The league is amateur, thriving and wildly popular. It attracts crowds that most first division teams the UK would die for - but this is one of the few legal ways of having fun. Last Friday, I was the only woman among 19,999 men who packed out Kabul's stadium. I bought my ticket - which cost just under four cents (about 2p) - and was ushered in. Armed guards
They forced the crowd to part and showed me up the stairs into the official stand. The stadium is also where they carry out public executions and amputations. But thank goodness, on this Friday, the only attraction was seeing Maiwand play the International Committee of the Red Cross. The crowd was in good spirits. Someone bought me a pot of tea and the play began. The football was dreadful - but the match itself was a spectacle. Thousands of Afghans having fun is such a rare sight. They clapped - an illegal action here. But more daring resistance was to come. Half way through the first half, it was time for the late afternoon prayers. Pick-ups full of police from Vice and Virtue drove into the stadium and circled round. Using loud speakers, they ordered everyone to come onto the pitch and pray. Show of resistance A few thousand people straggled onto the grass, but most remained resolutely standing. Policemen leapt into the stands, whips in hand.
It was a show of resistance. That is unheard of in Kabul. People here are generally crushed and compliant - terrified of getting caught by Vice and Virtue. What might seem like a minor misdemeanour can land you in jail. For men - not wearing a cap, trimming - or God forbid, shaving your beard. For women, not covering your face or travelling in a taxi unaccompanied by a male relative.
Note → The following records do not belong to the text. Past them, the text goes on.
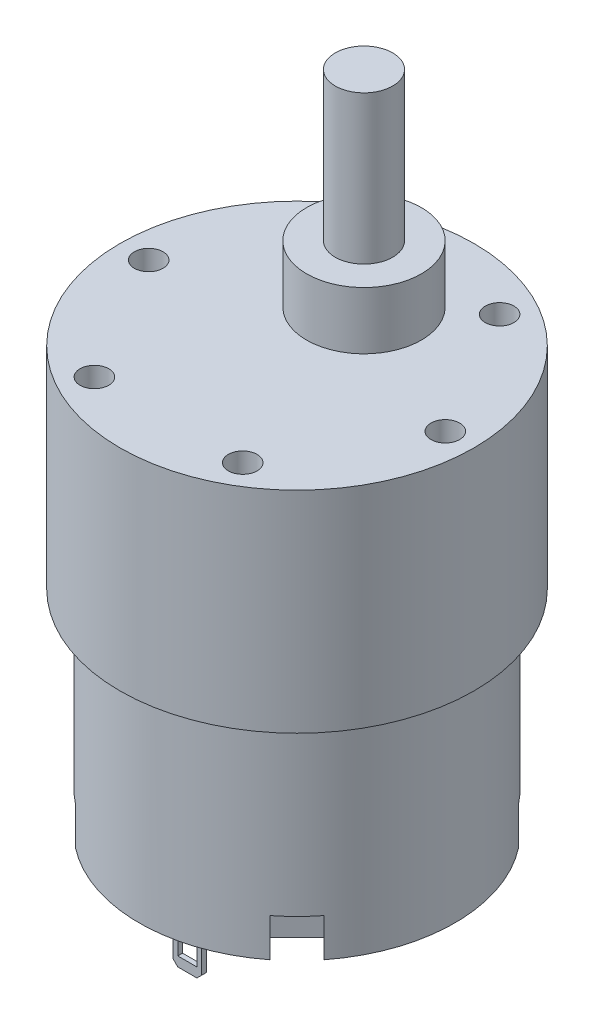
SolidWorks part; units mm, degrees
ref_plane "前视基准面" through (0, 0, 0) normal (0, 0, 1) x (1, 0, 0)
ref_plane "上视基准面" through (0, 0, 0) normal (0, 1, 0) x (1, 0, 0)
ref_plane "右视基准面" through (0, 0, 0) normal (1, 0, 0) x (0, 0, -1)
sketch "草图1" plane through (0, 0, 0) normal (0, 1, 0) x (1, 0, 0)
  circle A0 centre (0, 0) radius 16.5
extrude "凸台-拉伸1" add sketch "草图1" along normal blind 22
sketch "草图2" plane through (0, 22, 0) normal (0, 1, 0) x (1, 0, 0)
  circle A0 centre (0, 0) radius 18.5
extrude "凸台-拉伸2" add sketch "草图2" along normal blind 22
sketch "草图3" plane through (0, 44, 0) normal (0, 1, 0) x (1, 0, 0)
  circle A0 centre (0, 7) radius 6
extrude "凸台-拉伸3" add sketch "草图3" along normal blind 6
sketch "草图4" plane through (0, 50, 0) normal (0, 1, 0) x (1, 0, 0)
  circle A0 centre (0, 7) radius 3
extrude "凸台-拉伸7" add sketch "草图4" along normal blind 15.5
sketch "草图5" plane through (0, 0, 0) normal (0, -1, 0) x (1, 0, 0)
  line L0 (-10.9602, 8.1317) -> (-8.1317, 10.9602)
  line L1 (8.1317, 10.9602) -> (10.9602, 8.1317)
  line L2 (8.1317, 10.9602) -> (10.167, 12.9954)
  line L3 (-10.9602, 8.1317) -> (-12.9954, 10.167)
  line L4 (-8.1317, 10.9602) -> (-10.167, 12.9954)
  line L5 (10.9602, 8.1317) -> (12.9954, 10.167)
  line L6 (10.9602, -8.1317) -> (8.1317, -10.9602)
  line L7 (10.9602, -8.1317) -> (12.9954, -10.167)
  line L8 (8.1317, -10.9602) -> (10.167, -12.9954)
  line L9 (-8.1317, -10.9602) -> (-10.9602, -8.1317)
  line L10 (-8.1317, -10.9602) -> (-10.167, -12.9954)
  line L11 (-10.9602, -8.1317) -> (-12.9954, -10.167)
  arc A2 (-10.167, 12.9954) -> (-12.9954, 10.167) centre (0, 0) ccw
  arc A3 (-12.9954, -10.167) -> (-10.167, -12.9954) centre (0, 0) ccw
  arc A4 (10.167, -12.9954) -> (12.9954, -10.167) centre (0, 0) ccw
  arc A5 (12.9954, 10.167) -> (10.167, 12.9954) centre (0, 0) ccw
  point P26 (0, 0)
  dimension "D1" = 4
extrude "切除-拉伸1" cut sketch "草图5" against normal blind 4
sketch "草图6" plane through (0, 0, 0) normal (0, -1, 0) x (1, 0, 0)
  circle A0 centre (0, 0) radius 4
extrude "凸台-拉伸5" add sketch "草图6" along normal blind 3
sketch "草图7" plane through (0, 44, 0) normal (0, 1, 0) x (1, 0, 0)
  circle A1 centre (15.5, 0) radius 1.5
  circle A2 centre (7.75, -13.4234) radius 1.5
  circle A3 centre (-7.75, -13.4234) radius 1.5
  circle A4 centre (-15.5, 0) radius 1.5
  circle A5 centre (-7.75, 13.4234) radius 1.5
  circle A6 centre (7.75, 13.4234) radius 1.5
  point P16 (0, 0)
extrude "切除-拉伸2" cut sketch "草图7" against normal blind 6
sketch "草图8" plane through (0, 0, 0) normal (0, -1, 0) x (1, 0, 0)
  line L0 (-1.5, 10.9602) -> (1.5, 10.9602)
  line L2 (1.5, 10.9602) -> (1.5, 11.4602)
  line L3 (1.5, 11.4602) -> (-1.5, 11.4602)
  line L4 (-1.5, 11.4602) -> (-1.5, 10.9602)
  line L5 (-1.5, -11.4602) -> (-1.5, -10.9602)
  line L6 (1.5, -11.4602) -> (-1.5, -11.4602)
  line L7 (1.5, -10.9602) -> (1.5, -11.4602)
  line L8 (-1.5, -10.9602) -> (1.5, -10.9602)
extrude "凸台-拉伸6" add sketch "草图8" along normal blind 7
sketch "草图9" plane through (0, 0, 11.4602) normal (0, 0, 1) x (1, 0, 0)
  line L0 (1.5, -7) -> (1, -7)
  line L1 (1.5, -7) -> (-1.5, -7) construction
  line L2 (1.5, -7) -> (1.5, -6.5)
  line L3 (1.5, -7) -> (1.5, 0) construction
  line L4 (1.5, -6.5) -> (1, -7)
  line L5 (-1.5, -7) -> (-1, -7)
  line L6 (-1.5, -7) -> (-1.5, -6.5)
  line L7 (-1.5, -7) -> (-1.5, 0) construction
  line L8 (-1.5, -6.5) -> (-1, -7)
  line L10 (1, -6) -> (1, -3)
  line L11 (1, -3) -> (-1, -3)
  line L12 (-4, -3) -> (4, -3) construction
  line L13 (-1, -3) -> (-1, -6)
  line L14 (-1, -6) -> (1, -6)
extrude "切除-拉伸3" cut sketch "草图9" against normal blind 1
sketch "草图10" plane through (0, 0, -11.4602) normal (0, 0, -1) x (-1, 0, 0)
  line L0 (1.5, -7) -> (1, -7)
  line L1 (1.5, -7) -> (1.5, -6.5)
  line L2 (1.5, -6.5) -> (1, -7)
  line L3 (-1.5, -7) -> (-1, -7)
  line L4 (-1.5, -7) -> (-1.5, -6.5)
  line L5 (-1.5, -6.5) -> (-1, -7)
  line L6 (1, -6) -> (1, -3)
  line L7 (1, -3) -> (-1, -3)
  line L8 (-1, -3) -> (-1, -6)
  line L9 (-1, -6) -> (1, -6)
extrude "切除-拉伸4" cut sketch "草图10" against normal blind 1
move or copy body "实体-移动/复制1" [suppressed] bodies to move or copy 115

People caught playing music in their cars are usually given the choice of seeing their cassette player smashed or spending some time in prison. Checkposts trail nests of tape taken from broken cassettes. Occasionally, by perverse accident, you are let off. One friend had all his cassettes destroyed - apart from one by the American singer, Tracey Chapman. "That's not music," the policeman said. No appeal process
I have only been had up by them once - for the crime of sitting in the front seat of a car. My driver - a foreign man - was told off and ordered to make me sit in the back seat. As the man, he was seen as responsible for my behaviour. That was in Kandahar - the Taleban's stronghold. Elsewhere in the country, I can drive myself.
They have become a little more lenient as to what women can wear underneath their burqas - the blue gowns which cover the face and body. Flares were banned, when they first came to the city, along with white socks and high heels. These days, women wear trouser suits and platform shoes, although they still have to keep their faces covered. And the police no longer check down men's trousers to make sure they have shaved their pubic hair. Yes, it happened on the streets of Kabul. Vice and Virtue
They are central to the movement's conception of itself as an Islamic state - enforcing the pure tenets of the religion and faithful to God. They are also the aspect of the Taleban which foreigners find most alien, going against individual rights, civil liberties and democracy. It has to be said that many of the sophisticated citizens of Kabul, also find them alien - uneducated villagers enforcing their weird conception of Islam. The irony is that Afghanistan is easily the most devout country I have ever visited. Most people pray and fast here, quietly and without making a big fuss - but they object to being ordered to. But even the most liberal states ban activities they consider disruptive and harmful - like taking heroin or walking topless down the high street. Like those governments, the Taleban also say they want to protect society. They believe that seeing women's faces or listening to music will inevitably lead to deeper immorality. Whatever the social and religious motivations of the Vice and Virtue, its most useful function is probably the demonstration of raw Taleban power. But on Friday afternoons in Kabul's stadium, that power seems to ebb away a little.